Volume 7, Number 3, 2015 I Full Text PDF

Abstract:

Following the April 2014 Supreme Court judgment, several attempts have been made to define and specify what constitute the Indian transgender identity. My paper looks at Laxmi Narayan Tripathi’s autobiography Me Hijra Me Laxmi as an important intervention in this debate. Using literary and cinematic works by her contemporaries, I shall argue that while the categorisation of the ‘third gender’ may be necessary to facilitate governmental policies for the community, one has to look beyond law as a legitimizing tool as evident from the uniqueness of Laxmi’s ‘celebrification’ and its impact within Queer activism.

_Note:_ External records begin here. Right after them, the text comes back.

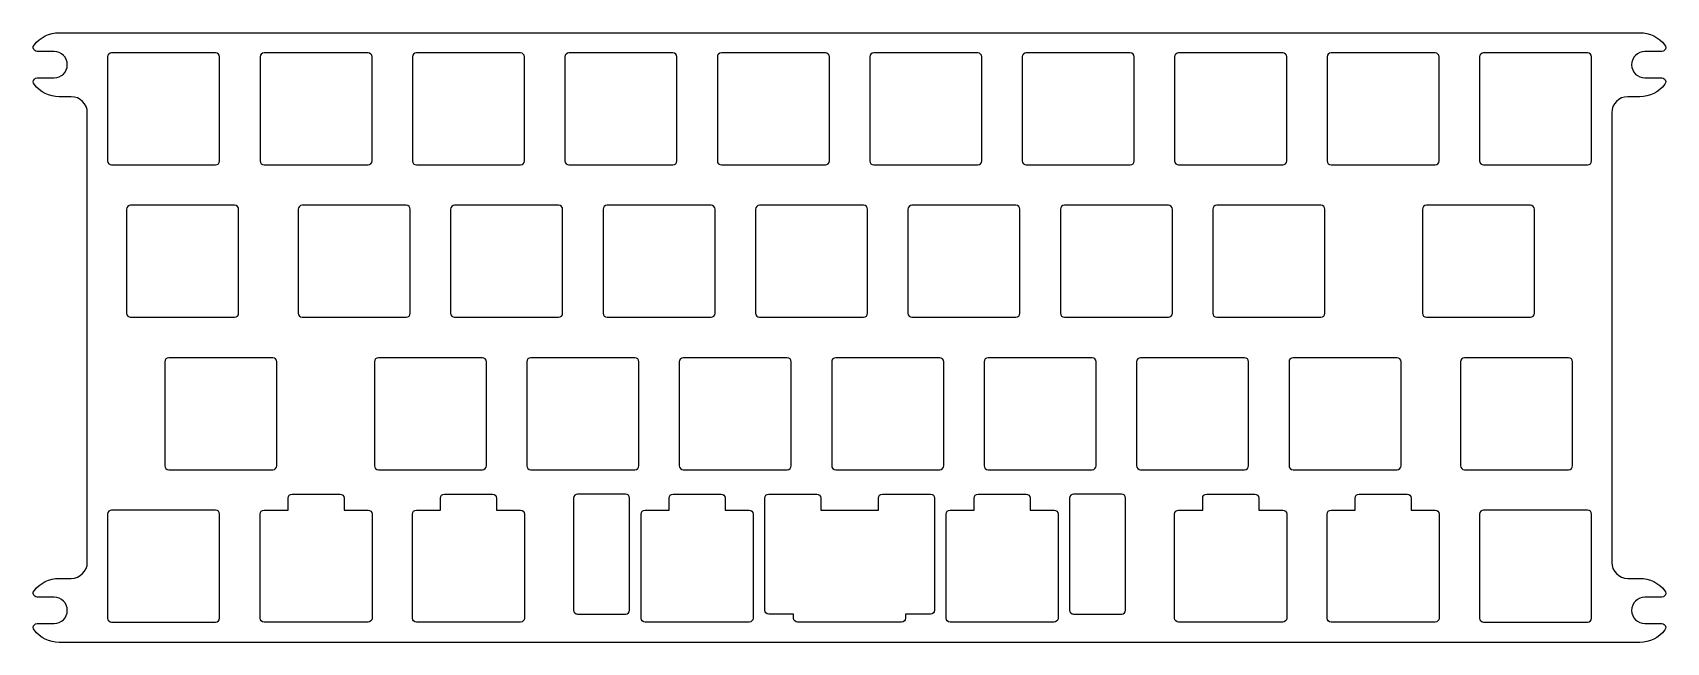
# Model space of a CAD drawing. Header units: millimetres. Extents: x 47 to 251, y 67 to 143.
import ezdxf

# ---------------------------------------------------------------- set-up
doc = ezdxf.new("R2010")
doc.units = ezdxf.units.MM
doc.header["$MEASUREMENT"] = 0
doc.layers.get('0').update_dxf_attribs({"lineweight": 0})

# ---------------------------------------------------------------- blocks, each defined once
blk = doc.blocks.new('Block_0')
at = {"color": 7, "lineweight": 25}
blk.add_open_spline([(49.95, 67.2), (49.95, 67.2), (247.45, 67.2), (247.45, 67.2), (248.68, 67.2), (249.84, 67.77), (250.6, 68.75), (250.77, 68.96), (250.73, 69.28), (250.51, 69.45), (250.43, 69.52), (250.32, 69.55), (250.21, 69.55), (250.21, 69.55), (248.09, 69.55), (248.09, 69.55), (247.18, 69.55), (246.44, 70.29), (246.44, 71.2), (246.44, 72.12), (247.18, 72.85), (248.09, 72.85), (248.09, 72.85), (250.21, 72.85), (250.21, 72.85), (250.48, 72.85), (250.71, 73.08), (250.71, 73.35), (250.71, 73.47), (250.67, 73.57), (250.6, 73.66), (249.84, 74.63), (248.68, 75.2), (247.45, 75.2), (247.45, 75.2), (245.95, 75.2), (245.95, 75.2), (244.84, 75.2), (243.95, 76.1), (243.95, 77.2), (243.95, 77.2), (243.95, 133.4), (243.95, 133.4), (243.95, 134.51), (244.84, 135.4), (245.95, 135.4), (245.95, 135.4), (247.45, 135.4), (247.45, 135.4), (248.68, 135.4), (249.84, 135.97), (250.6, 136.95), (250.77, 137.16), (250.73, 137.48), (250.51, 137.65), (250.43, 137.72), (250.32, 137.75), (250.21, 137.75), (250.21, 137.75), (248.09, 137.75), (248.09, 137.75), (247.18, 137.75), (246.44, 138.49), (246.44, 139.4), (246.44, 140.32), (247.18, 141.05), (248.09, 141.05), (248.09, 141.05), (250.21, 141.05), (250.21, 141.05), (250.48, 141.05), (250.71, 141.28), (250.71, 141.55), (250.71, 141.67), (250.67, 141.77), (250.6, 141.86), (249.84, 142.83), (248.68, 143.4), (247.45, 143.4), (247.45, 143.4), (49.95, 143.4), (49.95, 143.4), (48.71, 143.4), (47.55, 142.83), (46.79, 141.86), (46.62, 141.64), (46.66, 141.33), (46.88, 141.16), (46.96, 141.09), (47.07, 141.05), (47.18, 141.05), (47.18, 141.05), (49.3, 141.05), (49.3, 141.05), (50.21, 141.05), (50.95, 140.32), (50.95, 139.4), (50.95, 138.49), (50.21, 137.75), (49.3, 137.75), (49.3, 137.75), (47.18, 137.75), (47.18, 137.75), (46.91, 137.75), (46.68, 137.53), (46.68, 137.25), (46.68, 137.14), (46.72, 137.03), (46.79, 136.95), (47.55, 135.97), (48.71, 135.4), (49.95, 135.4), (49.95, 135.4), (51.45, 135.4), (51.45, 135.4), (52.55, 135.4), (53.45, 134.51), (53.45, 133.4), (53.45, 133.4), (53.45, 77.2), (53.45, 77.2), (53.45, 76.1), (52.55, 75.2), (51.45, 75.2), (51.45, 75.2), (49.95, 75.2), (49.95, 75.2), (48.71, 75.2), (47.55, 74.63), (46.79, 73.66), (46.62, 73.44), (46.66, 73.13), (46.88, 72.96), (46.96, 72.89), (47.07, 72.85), (47.18, 72.85), (47.18, 72.85), (49.3, 72.85), (49.3, 72.85), (50.21, 72.85), (50.95, 72.12), (50.95, 71.2), (50.95, 70.29), (50.21, 69.55), (49.3, 69.55), (49.3, 69.55), (47.18, 69.55), (47.18, 69.55), (46.91, 69.55), (46.68, 69.33), (46.68, 69.05), (46.68, 68.94), (46.72, 68.83), (46.79, 68.75), (47.55, 67.77), (48.71, 67.2), (49.95, 67.2)], degree=3, knots=[0, 0, 0, 0, 1, 1, 1, 2, 2, 2, 3, 3, 3, 4, 4, 4, 5, 5, 5, 6, 6, 6, 7, 7, 7, 8, 8, 8, 9, 9, 9, 10, 10, 10, 11, 11, 11, 12, 12, 12, 13, 13, 13, 14, 14, 14, 15, 15, 15, 16, 16, 16, 17, 17, 17, 18, 18, 18, 19, 19, 19, 20, 20, 20, 21, 21, 21, 22, 22, 22, 23, 23, 23, 24, 24, 24, 25, 25, 25, 26, 26, 26, 27, 27, 27, 28, 28, 28, 29, 29, 29, 30, 30, 30, 31, 31, 31, 32, 32, 32, 33, 33, 33, 34, 34, 34, 35, 35, 35, 36, 36, 36, 37, 37, 37, 38, 38, 38, 39, 39, 39, 40, 40, 40, 41, 41, 41, 42, 42, 42, 43, 43, 43, 44, 44, 44, 45, 45, 45, 46, 46, 46, 47, 47, 47, 48, 48, 48, 49, 49, 49, 50, 50, 50, 51, 51, 51, 52, 52, 52, 52], dxfattribs=at)

msp = doc.modelspace()

# ---------------------------------------------------------------- linework, layer by layer
at = {"color": 7, "lineweight": 25}
for points, knots in [([(56.48, 140.88), (56.48, 140.88), (69.48, 140.88), (69.48, 140.88), (69.76, 140.88), (69.98, 140.66), (69.98, 140.38), (69.98, 140.38), (69.98, 127.38), (69.98, 127.38), (69.98, 127.1), (69.76, 126.88), (69.48, 126.88), (69.48, 126.88), (56.48, 126.88), (56.48, 126.88), (56.21, 126.88), (55.98, 127.1), (55.98, 127.38), (55.98, 127.38), (55.98, 140.38), (55.98, 140.38), (55.98, 140.66), (56.21, 140.88), (56.48, 140.88)], [0, 0, 0, 0, 1, 1, 1, 2, 2, 2, 3, 3, 3, 4, 4, 4, 5, 5, 5, 6, 6, 6, 7, 7, 7, 8, 8, 8, 8]), ([(75.53, 140.88), (75.53, 140.88), (88.53, 140.88), (88.53, 140.88), (88.81, 140.88), (89.03, 140.66), (89.03, 140.38), (89.03, 140.38), (89.03, 127.38), (89.03, 127.38), (89.03, 127.1), (88.81, 126.88), (88.53, 126.88), (88.53, 126.88), (75.53, 126.88), (75.53, 126.88), (75.26, 126.88), (75.03, 127.1), (75.03, 127.38), (75.03, 127.38), (75.03, 140.38), (75.03, 140.38), (75.03, 140.66), (75.26, 140.88), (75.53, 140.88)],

Keywords: Third Gender, Hijra, Laxmi, Transgender, Queer, Supreme Court, Celebrity, Testimony

Introduction:

In December 2013, the Supreme Court reversed the 2009 Delhi High Court judgment, reinstating the constitutional validity of Section 377 originally introduced in the Indian Penal Code by the British government in 1869 to criminalise all non-procreative sexual acts. The major grounds cited for the decision include the lack of prosecution under this law and the insignificance of a “minuscule fraction of the country’s population” (“Supreme Court Sets”, 2013) that gets affected by it. Consequently it came as a surprise when few months later the apex court in response to a writ petition filed by NALSA and supported by activists like Laxminarayan Tripathi (Dutta, 2014, p. 225) not only recognised the transgender community as the ‘third gender’ but also instructed the states to make reservation for them in employment and education sectors. While activists have questioned the inherent contradiction between these two judgements, I argue that it makes a significant (though unintelligent) distinction between gender performativity and sexual orientation. As Jasbir Puar (1998) writes –“one must interrogate not only how the nation disallows certain queers but perhaps more urgently, how nations produce and may in fact sanction certain queer subjectivities over others” (p. 414). Any definition of the Indian transgender is bound to be flawed and limiting unless understood from its cultural context. Aniruddha Dutta points out that the two judges in the latter case failed to come to any definite understanding of the transgender: while Justice Radhakrishnan relies on gender self-determination, Justice Sikri identities surgical evidence as primary criteria and restricts the label to the hijra community (p. 231). This recognition of the hijra as a gender endemic to India is at the cost of excluding those who identify themselves only by their sexual orientations- gays, bisexuals and lesbians.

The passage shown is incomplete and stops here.